We’re excited to be featuring the 2016 Oregon Literary Fellowship recipients on our blog this spring! The applications for 2017 fellowships are due Friday, June 24, 2016 and you can read the guidelines and download an application by clicking here.
2016 Oregon Literary Fellowship Recipient
Siobhan “Ruby” McConnell
Category
Literary Nonfiction
Bio
Siobhan Ruby McConnell is a registered geologist, environmental educator, dancer, and adventuress who writes about the intersection of the environment and human experience. Her published works include professional geologic papers, personal essays and articles, her blog, Ruby Gone Wild, and her recently released her first book, A Woman’s Guide to the Wild.
Q&A with Literary Arts
1. What are your sources of inspiration?
I draw inspiration from the natural world, especially the broader landscapes of the Pacific Northwest. I’m particularly interested in the ways in which natural processes mirror and influence the human experience and how our lives are recorded by the world around us.
2. How would you describe your creative process?
Messy. I typically start with a strong central thematic element, often just a single word, and write everything I can about it and anything it inspires. From there, I take the whole mess and weave a more cohesive narrative. I usually end up cutting at least half of what I write.
3. What is most exciting about receiving a fellowship?
I’ve really enjoyed the opportunity to meet the broader Oregon literary community. Also, paying bills.
4. What are you currently working on?
I am working on a collection of place-based personal essays centered on the Pacific Northwest and the concept of the home-place.
5. What advice do you have for future applicants?
Keep trying. Rejection is an opportunity to revise, use it as fuel rather than being discouraged.
OLF Judge’s Comments
McConnell’s work is timely and significant, and daring—a radical exploration and understanding “that environmentalism cannot be about restoration, that the window for reversal has closed, that now, it is a matter of survival.” Her current project, Home for You, avows to, among other themes, “enhance our understanding of environmental systems and processes” as well as “recognizes that the female relationship to the natural world is unique and valid and our voices and perspective are inherently valuable to the environmental debate.” McConnell’s “multifaceted” project won me over; it is textured and interactive—nonfiction that is candid and creative.
—Sherry Lee
Excerpt from current work:
At the Counting Window
For three months now I have been thinking about the salmon. It started, somehow, in thinking about home, or nesting, or love. Or perhaps it was the receipt of bad news, an old friend, long sick, passing on; the anniversary of another friends death. I had just returned from long travel. At first it was just the word, salmon, that came to mind, mostly in times of melancholy, or whenever I was trying to focus on getting things done. Then it was images, the rush of water, silver-green streaks of light with both sadness and joy. Then memories; my mother with a camera urging me as a very small child to stand still as my father, just home from fishing, dangles a Chinook next to me for scale. In quiet times, I have begun to watch them jump upstream in my minds eye, reaching, over and over again. I have been under some stress.
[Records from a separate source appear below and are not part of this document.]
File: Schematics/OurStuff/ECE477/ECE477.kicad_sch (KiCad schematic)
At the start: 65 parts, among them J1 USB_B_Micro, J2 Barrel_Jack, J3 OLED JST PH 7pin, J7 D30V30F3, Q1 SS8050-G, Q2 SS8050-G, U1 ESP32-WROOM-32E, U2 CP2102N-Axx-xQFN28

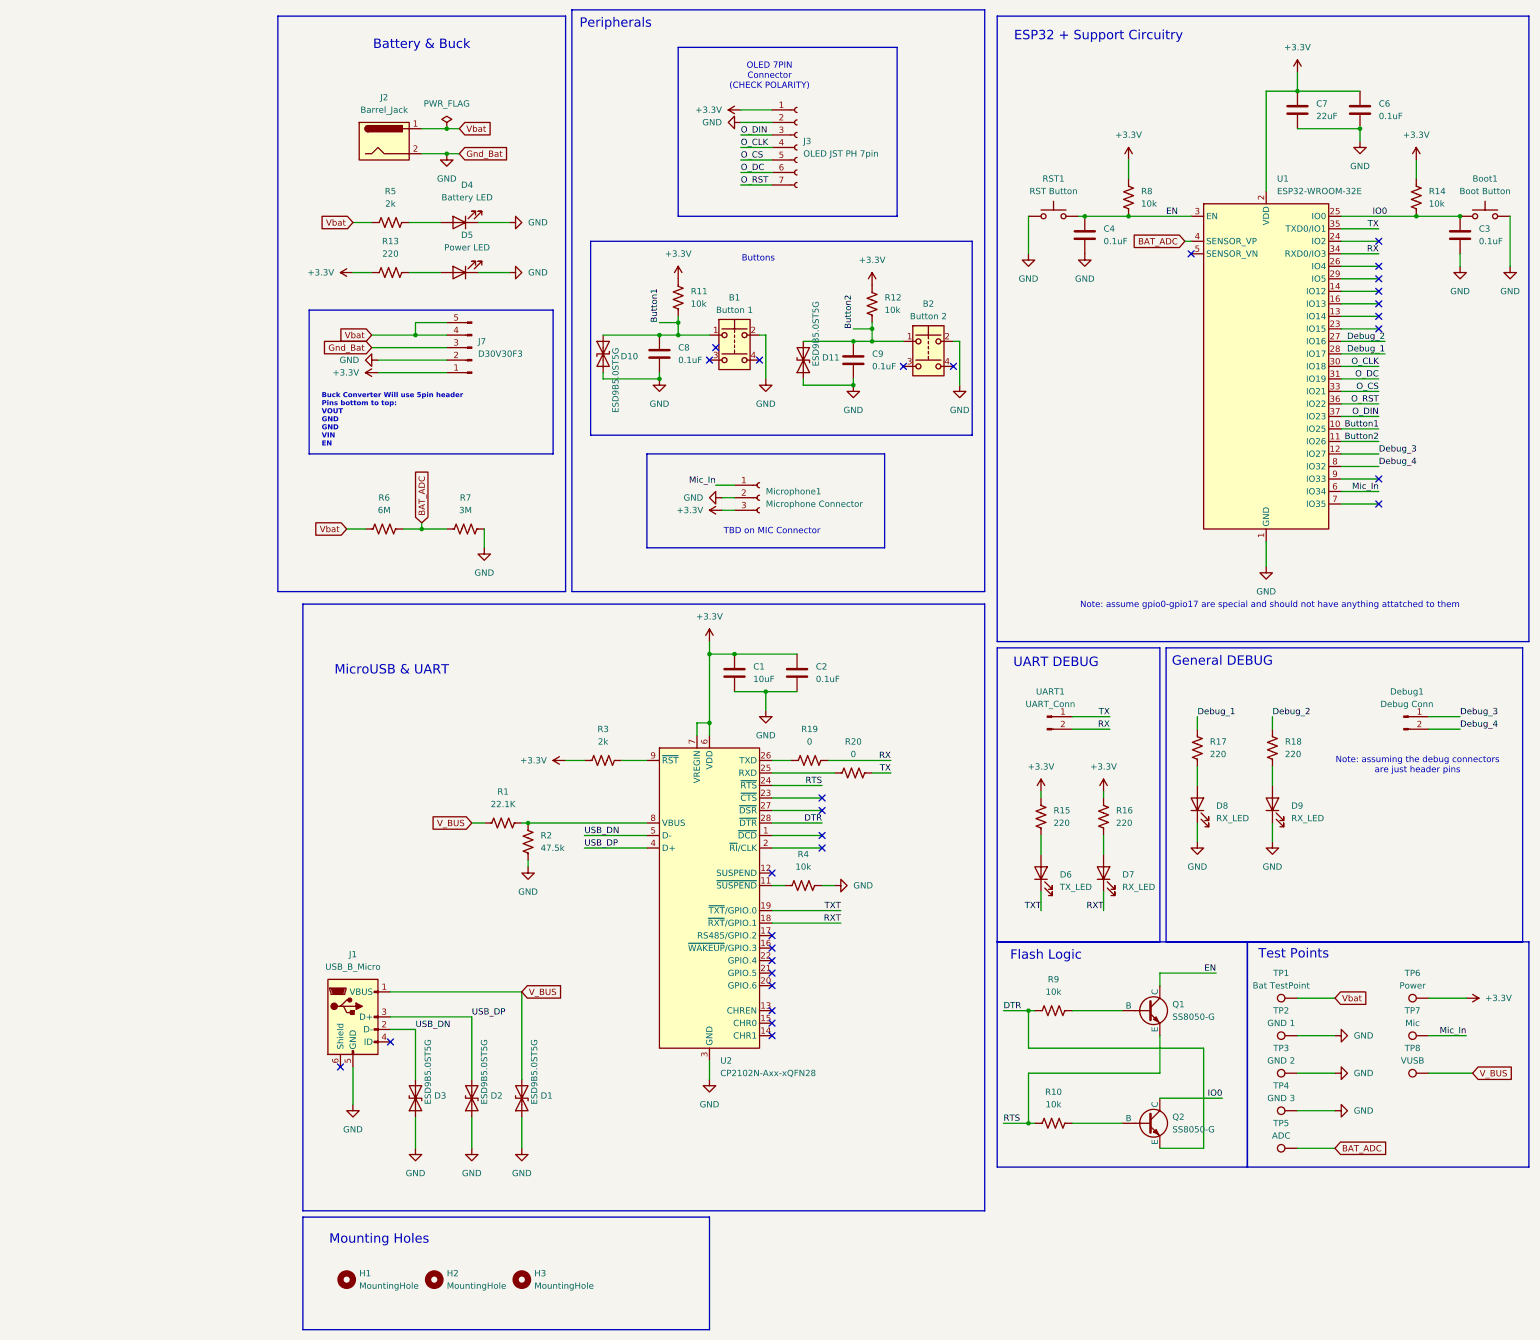
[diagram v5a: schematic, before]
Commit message: swapped ESD protection on schematic
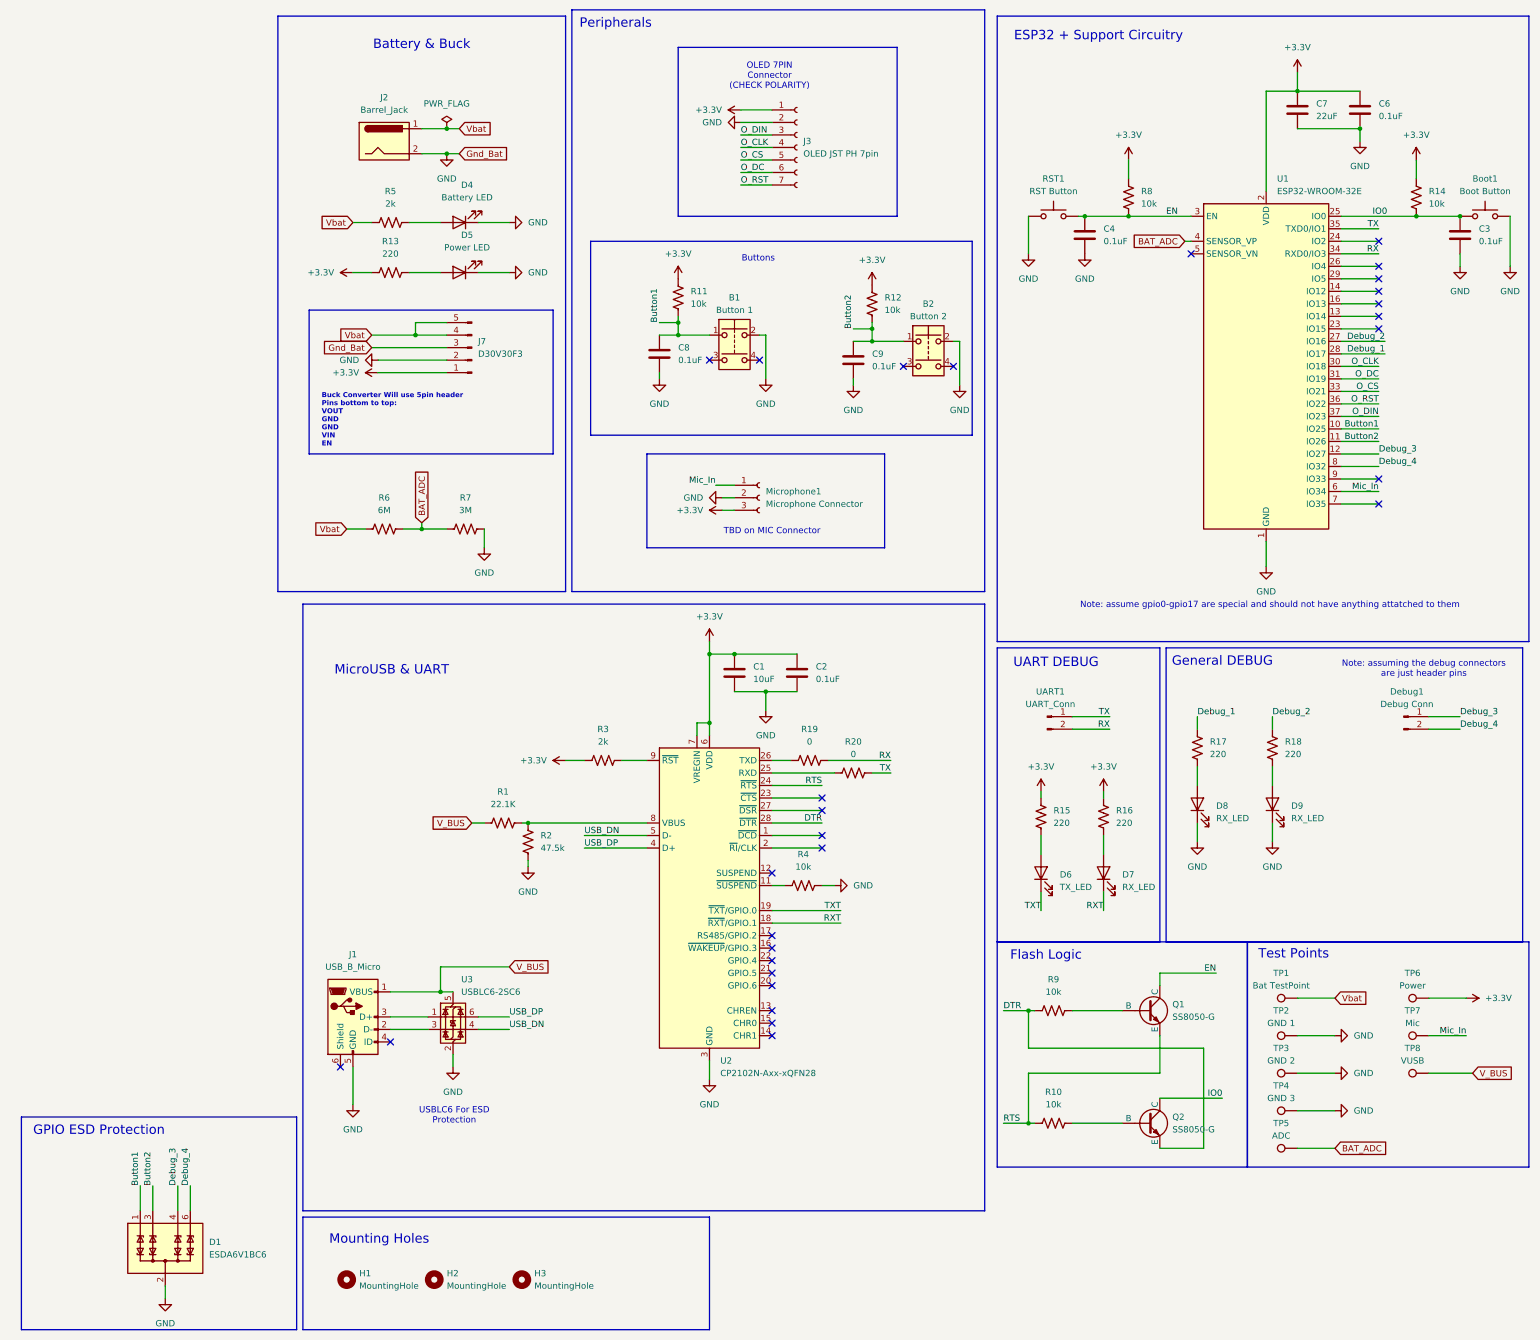
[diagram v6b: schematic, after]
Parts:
- removed D1, D10, D11, D2, D3: ESD9B5.0ST5G, Diode_SMD:D_SOD-923, symbol Device:D_TVS
- added D1: ESDA6V1BC6, Package_TO_SOT_SMD:SOT-23-6, symbol Power_Protection:ESDA6V1BC6
- added U3: USBLC6-2SC6, Package_TO_SOT_SMD:SOT-23-6, symbol Power_Protection:USBLC6-2SC6
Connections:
- net Button1: now also D1.1 (TVS1)
- net Button2: now also D1.3 (TVS2)
- net Debug_3: now also D1.4 (TVS3)
- net Debug_4: now also D1.6 (TVS4)
- net GND: now also D1.2 (COM), D1.5 (COM), U3.2 (GND)
- net USB_DN: now also U3.4 (I/O2); no longer J1.2 (D-)
- net USB_DP: now also U3.6 (I/O1); no longer J1.3 (D+)
- net V_BUS: now also U3.5 (VBUS)
- new net: J1.2 (D-), U3.3 (I/O2)
- new net: J1.3 (D+), U3.1 (I/O1)
- no-connect marks 30 -> 29
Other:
- note added: "GPIO ESD Protection"
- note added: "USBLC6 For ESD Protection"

Now, in the solitude of winter, I revel in these moments with the salmon. I find the photo in an old album. In it, my father grins broadly next to us as I carefully consider my cohort. I sit on the porch of my house in the trees, close my eyes and let the salmon jump. I take deep breaths. For a moment, my mind shifts to the holidays, freshly over. I think I should have brought a cup of tea out with me. Or some whiskey. I wonder how many eggs each salmon mother lays, if she will ever know how many children she has. I return to the stream. I eat a stale cookie and think about Christmas. The thought that my parents are getting old emerges. I’m tired. I must be getting old too. I think about a recent visit with a good friend who told me that we are all responsible for keeping ourselves above the water.
I am an Oregon native; like the wild salmon the streams of my youth trace back to a single source descending first to the Willamette, then the Columbia, then out to the Pacific Ocean. Like all Oregon children, the story of the return of the wild salmon to their native headwaters year after year to spawn and die has been pressed upon me like the grooves of a well-worn album. How they are first shunted out down rapids and into the salty shock of the open ocean where they gorge themselves on Bait fish. How they return, by scent, to the river’s mouth and begin the long and arduous climb to their spawning grounds, the grounds of their parents, and their parents before them. How there, after spawning, they die and nourish the waters for the next generation.
The stories describe the salmon as prodigal sons, overcoming all obstacles, debris, dams, fishing nets, and sea lions. They tell of the salmon as Pacific gold, the life-blood of the Northwest people and the keepers of traditions. In the best of these stories, the bravest of the warriors are the salmon of the Columbia River run; my run. These are the salmon that once ran so thick the fisherman could walk across their backs to make the river crossing. These are the salmon forever immortalized in pictures of the native fishermen, on wooden platforms, salmon jumping the falls over their heads. These are the salmon I see now behind closed eyes. How do they know what to do? I wonder. Why do they fight so hard?